14.2 Modes of Entry into a Foreign Market

The selection of the market entry mode is the final and most important step in the international business decision-making process. The selection of the entry mode depends on company readiness factors, which were discussed in Chapter 9. They are the firm’s competitive capabilities, experience and training, skills and knowledge, resources, motivation for going international, and the commitment of owners and managers.

There are many modes of entry from which to select, such as exporting, licensing, franchising, joint ventures, and wholly owned subsidiaries.

Exporting

Most firms begin their international market expansion by exporting – selling their product or services either directly or indirectly in an international market. Exporting is considered a low-risk and cost-effective entry mode.

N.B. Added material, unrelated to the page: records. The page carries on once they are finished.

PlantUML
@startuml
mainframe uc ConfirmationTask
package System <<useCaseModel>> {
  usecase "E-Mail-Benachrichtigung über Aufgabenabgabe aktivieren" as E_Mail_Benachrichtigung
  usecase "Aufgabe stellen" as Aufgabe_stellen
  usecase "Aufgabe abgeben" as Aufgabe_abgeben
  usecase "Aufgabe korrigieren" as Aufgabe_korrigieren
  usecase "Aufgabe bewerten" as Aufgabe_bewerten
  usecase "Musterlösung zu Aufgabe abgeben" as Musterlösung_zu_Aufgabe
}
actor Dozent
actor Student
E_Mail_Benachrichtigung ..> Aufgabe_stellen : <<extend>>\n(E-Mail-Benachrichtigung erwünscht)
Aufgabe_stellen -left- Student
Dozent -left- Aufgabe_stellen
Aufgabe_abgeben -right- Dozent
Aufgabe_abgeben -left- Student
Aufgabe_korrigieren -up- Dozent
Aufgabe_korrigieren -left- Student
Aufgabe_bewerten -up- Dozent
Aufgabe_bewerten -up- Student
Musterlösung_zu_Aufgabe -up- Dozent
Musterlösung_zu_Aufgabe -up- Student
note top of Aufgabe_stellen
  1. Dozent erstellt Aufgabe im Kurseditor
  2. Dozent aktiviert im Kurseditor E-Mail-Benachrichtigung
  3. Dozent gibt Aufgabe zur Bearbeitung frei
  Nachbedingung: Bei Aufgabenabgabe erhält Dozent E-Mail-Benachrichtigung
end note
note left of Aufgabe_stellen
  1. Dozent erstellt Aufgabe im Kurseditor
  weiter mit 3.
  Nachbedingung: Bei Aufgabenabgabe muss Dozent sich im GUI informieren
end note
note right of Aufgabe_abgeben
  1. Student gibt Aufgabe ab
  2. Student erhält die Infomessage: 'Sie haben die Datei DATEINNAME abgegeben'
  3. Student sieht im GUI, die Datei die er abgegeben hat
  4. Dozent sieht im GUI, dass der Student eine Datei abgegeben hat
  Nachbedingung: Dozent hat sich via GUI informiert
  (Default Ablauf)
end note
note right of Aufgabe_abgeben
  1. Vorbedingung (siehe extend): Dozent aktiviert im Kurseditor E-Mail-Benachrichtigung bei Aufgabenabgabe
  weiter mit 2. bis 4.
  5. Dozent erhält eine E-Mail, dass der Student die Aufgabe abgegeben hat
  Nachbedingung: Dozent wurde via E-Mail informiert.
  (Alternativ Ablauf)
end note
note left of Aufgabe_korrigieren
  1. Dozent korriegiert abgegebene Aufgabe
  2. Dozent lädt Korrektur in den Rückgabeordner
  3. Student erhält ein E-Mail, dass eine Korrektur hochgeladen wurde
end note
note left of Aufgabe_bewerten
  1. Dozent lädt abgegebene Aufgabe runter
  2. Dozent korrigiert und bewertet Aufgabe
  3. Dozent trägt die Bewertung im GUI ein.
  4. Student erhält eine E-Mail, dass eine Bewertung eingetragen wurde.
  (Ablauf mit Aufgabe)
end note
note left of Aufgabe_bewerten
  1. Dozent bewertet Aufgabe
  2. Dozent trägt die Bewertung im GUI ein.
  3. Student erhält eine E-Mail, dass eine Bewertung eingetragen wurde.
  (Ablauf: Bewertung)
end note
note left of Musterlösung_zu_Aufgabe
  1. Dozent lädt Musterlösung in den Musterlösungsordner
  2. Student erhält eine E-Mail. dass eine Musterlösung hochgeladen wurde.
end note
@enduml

It involves selling goods or services to customers across international borders. This can be done either by setting up the company’s own selling program or by using local distributors through contractual agreements, where the local distributors will help with the delivery process and can play a role in marketing the goods and after-sales services.

  • Advantages – exporting allows companies to avoid substantial costs associated with establishing manufacturing operations in the host country. Exporting may also help a company achieve economies of scale (see Chapter 9) by increasing its sales volume in the global market.
  • Disadvantages – there are a number of disadvantages to exporting. First, high supply chain costs and tariffs can make exporting expensive. Second, by delegating work to local distributors, the company has less control over product delivery and marketing of the product. Third, the firm also doesn’t have access to direct feedback from the customer, and that makes it difficult to customize their products and services to local preferences and tastes.

Licensing

An international licensing agreement is an arrangement between two parties whereby a producer company (licensor) allows a foreign company (licensee) to sell its products in exchange for royalty fees. The licensing agreement, therefore, allows the licensee to use the licensor’s property for the duration of the agreement. This property is usually intangible property such as trademarks, patents, and production techniques.

  • Advantages – the licensor is not responsible for the costs and risks associated with the foreign venture.
  • Disadvantages – licensing offers very moderate returns and involves the loss of control over property.

Franchising

Replicating a business model is called franchising. Like licensing, franchising requires a limited-time agreement between a franchisor and a franchisee. But unlike in a licensing agreement, the franchisee not only pays royalty fees but also agrees to abide by strict rules as to how it does business. The franchisor often helps the franchisee with business operations on an ongoing basis. Royalty fees are paid based on revenue earned by the franchisee. While licensing is pursued mainly in manufacturing firms, franchising is mainly pursued by service firms.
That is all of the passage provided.